PERREO ENTRE LOS MUNDOS ©Dijana Zadro
Für Alejandro González‘ Then We Will Become Obsessed with the Idea of Losing Everything We Have Achieved fahre ich am selben Abend mit dem Fahrrad in die Schönhauser Allee. In der intimen Atmosphäre des eigenen Zuhauses tischt Gonzáles in kleiner Runde die Aromen seiner Heimat auf: Vorspeise ist ein in Bergkräutern gebackener Stein, den wir noch warm von einer Backe in die andere schieben, während der Gastgeber ein expressives Solo tanzt. Den auf dem Boden servierten Hauptgang rundet Gonzáles ab, indem er mit eingeölten Fußsohlen darüber hinwegschreitet, und das Dessert kann man nur im Duo verspeisen. Dieses Dinner ist vieles: soziale Choreografie, Akt der Beschwörung, geschmackliche Komposition.
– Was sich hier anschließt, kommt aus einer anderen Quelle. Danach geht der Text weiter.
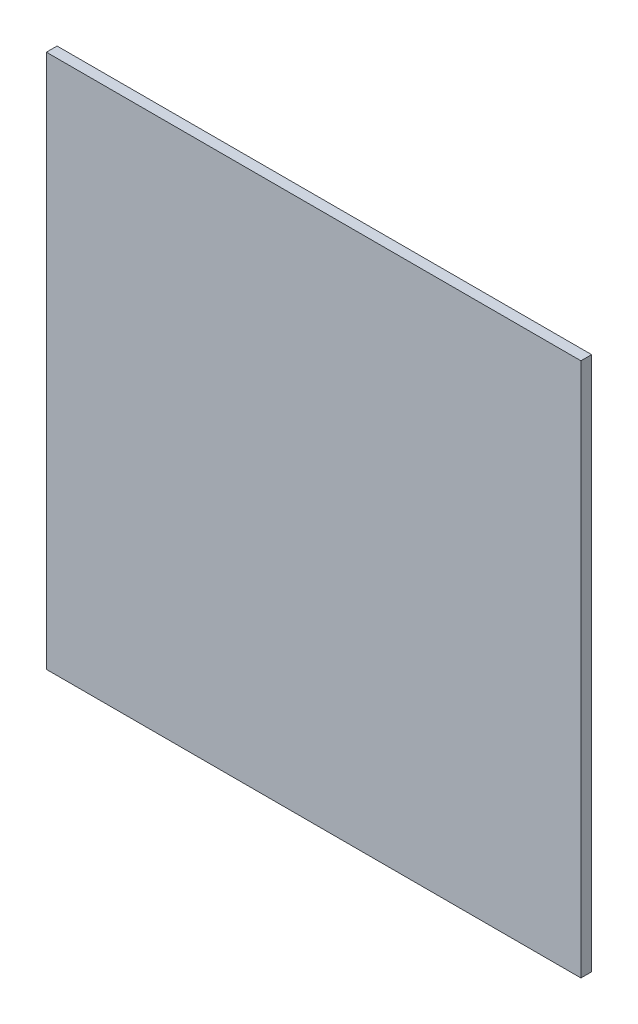
ISO-10303-21;
HEADER;
FILE_DESCRIPTION(('STEP AP214'),'2;1');
FILE_NAME('part.step','',(''),(''),'','','');
FILE_SCHEMA(('AUTOMOTIVE_DESIGN { 1 0 10303 214 1 1 1 1 }'));
ENDSEC;
DATA;
#1=APPLICATION_CONTEXT('core data for automotive mechanical design processes');
#2=APPLICATION_PROTOCOL_DEFINITION('international standard','automotive_design',2000,#1);
#3=PRODUCT_CONTEXT('',#1,'mechanical');
#4=PRODUCT('Part','Part','',(#3));
#5=PRODUCT_RELATED_PRODUCT_CATEGORY('part','',(#4));
#6=PRODUCT_DEFINITION_FORMATION('','',#4);
#7=PRODUCT_DEFINITION_CONTEXT('part definition',#1,'design');
#8=PRODUCT_DEFINITION('design','',#6,#7);
#9=PRODUCT_DEFINITION_SHAPE('','',#8);
#10=(LENGTH_UNIT() NAMED_UNIT(*) SI_UNIT(.MILLI.,.METRE.));
#11=(NAMED_UNIT(*) PLANE_ANGLE_UNIT() SI_UNIT($,.RADIAN.));
#12=(NAMED_UNIT(*) SI_UNIT($,.STERADIAN.) SOLID_ANGLE_UNIT());
#13=UNCERTAINTY_MEASURE_WITH_UNIT(LENGTH_MEASURE(1.E-05),#10,'distance_accuracy_value','');
#14=(GEOMETRIC_REPRESENTATION_CONTEXT(3) GLOBAL_UNCERTAINTY_ASSIGNED_CONTEXT((#13)) GLOBAL_UNIT_ASSIGNED_CONTEXT((#10,
#11,#12)) REPRESENTATION_CONTEXT('',''));
#15=CARTESIAN_POINT('',(0.,0.,0.));
#16=DIRECTION('',(0.,0.,1.));
#17=DIRECTION('',(1.,0.,0.));
#18=AXIS2_PLACEMENT_3D('',#15,#16,#17);
#19=CARTESIAN_POINT('',(-213.790215863038,371.495327102804,10.));
#20=DIRECTION('',(-1.,0.,0.));
#21=DIRECTION('',(0.,-1.,0.));
#22=AXIS2_PLACEMENT_3D('',#19,#20,#21);
#23=PLANE('',#22);
#24=DIRECTION('',(0.,1.,0.));
#25=VECTOR('',#24,1.);
#26=CARTESIAN_POINT('',(-213.790215863038,371.495327102804,0.));
#27=LINE('',#26,#25);
#28=CARTESIAN_POINT('',(-213.790215863038,-128.504672897196,0.));
#29=VERTEX_POINT('',#28);
#30=CARTESIAN_POINT('',(-213.790215863038,371.495327102804,0.));
#31=VERTEX_POINT('',#30);
#32=EDGE_CURVE('E96',#29,#31,#27,.T.);
#33=ORIENTED_EDGE('',*,*,#32,.T.);
#34=DIRECTION('',(0.,0.,-1.));
#35=VECTOR('',#34,1.);
#36=CARTESIAN_POINT('',(-213.790215863038,371.495327102804,10.));
#37=LINE('',#36,#35);
#38=CARTESIAN_POINT('',(-213.790215863038,371.495327102804,10.));
#39=VERTEX_POINT('',#38);
#40=EDGE_CURVE('E11',#39,#31,#37,.T.);
#41=ORIENTED_EDGE('',*,*,#40,.F.);
#42=DIRECTION('',(0.,1.,0.));
#43=VECTOR('',#42,1.);
#44=CARTESIAN_POINT('',(-213.790215863038,371.495327102804,10.));
#45=LINE('',#44,#43);
#46=CARTESIAN_POINT('',(-213.790215863038,-128.504672897196,10.));
#47=VERTEX_POINT('',#46);
#48=EDGE_CURVE('E84',#47,#39,#45,.T.);
#49=ORIENTED_EDGE('',*,*,#48,.F.);
#50=DIRECTION('',(0.,0.,-1.));
#51=VECTOR('',#50,1.);
#52=CARTESIAN_POINT('',(-213.790215863038,-128.504672897196,10.));
#53=LINE('',#52,#51);
#54=EDGE_CURVE('E92',#47,#29,#53,.T.);
#55=ORIENTED_EDGE('',*,*,#54,.T.);
#56=EDGE_LOOP('',(#33,#41,#49,#55));
#57=FACE_BOUND('',#56,.T.);
#58=ADVANCED_FACE('F33',(#57),#23,.F.);
#59=CARTESIAN_POINT('',(-713.790215863038,371.495327102804,10.));
#60=DIRECTION('',(0.,-1.,0.));
#61=DIRECTION('',(0.,0.,-1.));
#62=AXIS2_PLACEMENT_3D('',#59,#60,#61);
#63=PLANE('',#62);
#64=DIRECTION('',(-1.,0.,0.));
#65=VECTOR('',#64,1.);
#66=CARTESIAN_POINT('',(-713.790215863038,371.495327102804,0.));
#67=LINE('',#66,#65);
#68=CARTESIAN_POINT('',(-713.790215863038,371.495327102804,0.));
#69=VERTEX_POINT('',#68);
#70=EDGE_CURVE('E88',#31,#69,#67,.T.);
#71=ORIENTED_EDGE('',*,*,#70,.T.);
#72=DIRECTION('',(0.,0.,-1.));
#73=VECTOR('',#72,1.);
#74=CARTESIAN_POINT('',(-713.790215863038,371.495327102804,10.));
#75=LINE('',#74,#73);
#76=CARTESIAN_POINT('',(-713.790215863038,371.495327102804,10.));
#77=VERTEX_POINT('',#76);
#78=EDGE_CURVE('E41',#77,#69,#75,.T.);
#79=ORIENTED_EDGE('',*,*,#78,.F.);
#80=DIRECTION('',(-1.,0.,0.));
#81=VECTOR('',#80,1.);
#82=CARTESIAN_POINT('',(-713.790215863038,371.495327102804,10.));
#83=LINE('',#82,#81);
#84=EDGE_CURVE('E79',#39,#77,#83,.T.);
#85=ORIENTED_EDGE('',*,*,#84,.F.);
#86=ORIENTED_EDGE('',*,*,#40,.T.);
#87=EDGE_LOOP('',(#71,#79,#85,#86));
#88=FACE_BOUND('',#87,.T.);
#89=ADVANCED_FACE('F87',(#88),#63,.F.);
#90=CARTESIAN_POINT('',(-713.790215863038,371.495327102804,10.));
#91=DIRECTION('',(1.,0.,0.));
#92=DIRECTION('',(0.,0.,-1.));
#93=AXIS2_PLACEMENT_3D('',#90,#91,#92);
#94=PLANE('',#93);
#95=DIRECTION('',(0.,-1.,0.));
#96=VECTOR('',#95,1.);
#97=CARTESIAN_POINT('',(-713.790215863038,371.495327102804,0.));
#98=LINE('',#97,#96);
#99=CARTESIAN_POINT('',(-713.790215863038,-128.504672897196,0.));
#100=VERTEX_POINT('',#99);
#101=EDGE_CURVE('E66',#69,#100,#98,.T.);
#102=ORIENTED_EDGE('',*,*,#101,.T.);
#103=DIRECTION('',(0.,0.,-1.));
#104=VECTOR('',#103,1.);
#105=CARTESIAN_POINT('',(-713.790215863038,-128.504672897196,10.));
#106=LINE('',#105,#104);
#107=CARTESIAN_POINT('',(-713.790215863038,-128.504672897196,10.));
#108=VERTEX_POINT('',#107);
#109=EDGE_CURVE('E89',#108,#100,#106,.T.);
#110=ORIENTED_EDGE('',*,*,#109,.F.);
#111=DIRECTION('',(0.,-1.,0.));
#112=VECTOR('',#111,1.);
#113=CARTESIAN_POINT('',(-713.790215863038,371.495327102804,10.));
#114=LINE('',#113,#112);
#115=EDGE_CURVE('E82',#77,#108,#114,.T.);
#116=ORIENTED_EDGE('',*,*,#115,.F.);
#117=ORIENTED_EDGE('',*,*,#78,.T.);
#118=EDGE_LOOP('',(#102,#110,#116,#117));
#119=FACE_BOUND('',#118,.T.);
#120=ADVANCED_FACE('F90',(#119),#94,.F.);
#121=CARTESIAN_POINT('',(-713.790215863038,-128.504672897196,10.));
#122=DIRECTION('',(0.,1.,0.));
#123=DIRECTION('',(-1.,0.,0.));
#124=AXIS2_PLACEMENT_3D('',#121,#122,#123);
#125=PLANE('',#124);
#126=DIRECTION('',(1.,0.,0.));
#127=VECTOR('',#126,1.);
#128=CARTESIAN_POINT('',(-713.790215863038,-128.504672897196,0.));
#129=LINE('',#128,#127);
#130=EDGE_CURVE('E72',#100,#29,#129,.T.);
#131=ORIENTED_EDGE('',*,*,#130,.T.);
#132=ORIENTED_EDGE('',*,*,#54,.F.);
#133=DIRECTION('',(1.,0.,0.));
#134=VECTOR('',#133,1.);
#135=CARTESIAN_POINT('',(-713.790215863038,-128.504672897196,10.));
#136=LINE('',#135,#134);
#137=EDGE_CURVE('E49',#108,#47,#136,.T.);
#138=ORIENTED_EDGE('',*,*,#137,.F.);
#139=ORIENTED_EDGE('',*,*,#109,.T.);
#140=EDGE_LOOP('',(#131,#132,#138,#139));
#141=FACE_BOUND('',#140,.T.);
#142=ADVANCED_FACE('F103',(#141),#125,.F.);
#143=CARTESIAN_POINT('',(0.,0.,10.));
#144=DIRECTION('',(0.,0.,1.));
#145=DIRECTION('',(1.,0.,0.));
#146=AXIS2_PLACEMENT_3D('',#143,#144,#145);
#147=PLANE('',#146);
#148=ORIENTED_EDGE('',*,*,#48,.T.);
#149=ORIENTED_EDGE('',*,*,#84,.T.);
#150=ORIENTED_EDGE('',*,*,#115,.T.);
#151=ORIENTED_EDGE('',*,*,#137,.T.);
#152=EDGE_LOOP('',(#148,#149,#150,#151));
#153=FACE_BOUND('',#152,.T.);
#154=ADVANCED_FACE('F80',(#153),#147,.T.);
#155=CARTESIAN_POINT('',(0.,0.,0.));
#156=DIRECTION('',(0.,0.,1.));
#157=DIRECTION('',(1.,0.,0.));
#158=AXIS2_PLACEMENT_3D('',#155,#156,#157);
#159=PLANE('',#158);
#160=ORIENTED_EDGE('',*,*,#32,.F.);
#161=ORIENTED_EDGE('',*,*,#130,.F.);
#162=ORIENTED_EDGE('',*,*,#101,.F.);
#163=ORIENTED_EDGE('',*,*,#70,.F.);
#164=EDGE_LOOP('',(#160,#161,#162,#163));
#165=FACE_BOUND('',#164,.T.);
#166=ADVANCED_FACE('F106',(#165),#159,.F.);
#167=CLOSED_SHELL('',(#58,#89,#120,#142,#154,#166));
#168=MANIFOLD_SOLID_BREP('B2',#167);
#169=ADVANCED_BREP_SHAPE_REPRESENTATION('',(#18,#168),#14);
#170=SHAPE_DEFINITION_REPRESENTATION(#9,#169);
ENDSEC;
END-ISO-10303-21;

Nicht zuletzt macht es bewusst, dass das elementare Prinzip des Lebens ein Kreislauf der (An)Verwandlungen ist. „The only way is round.“
¹ Die Installation war Teil der Berlin Art Week.
Die BA Graduate Works des BA Tanz, Kontext, Choreographie vom Hochschulübergreifenden Zentrum Tanz (HZT) wurden vom 18.9.-26.9.2024 gezeigt.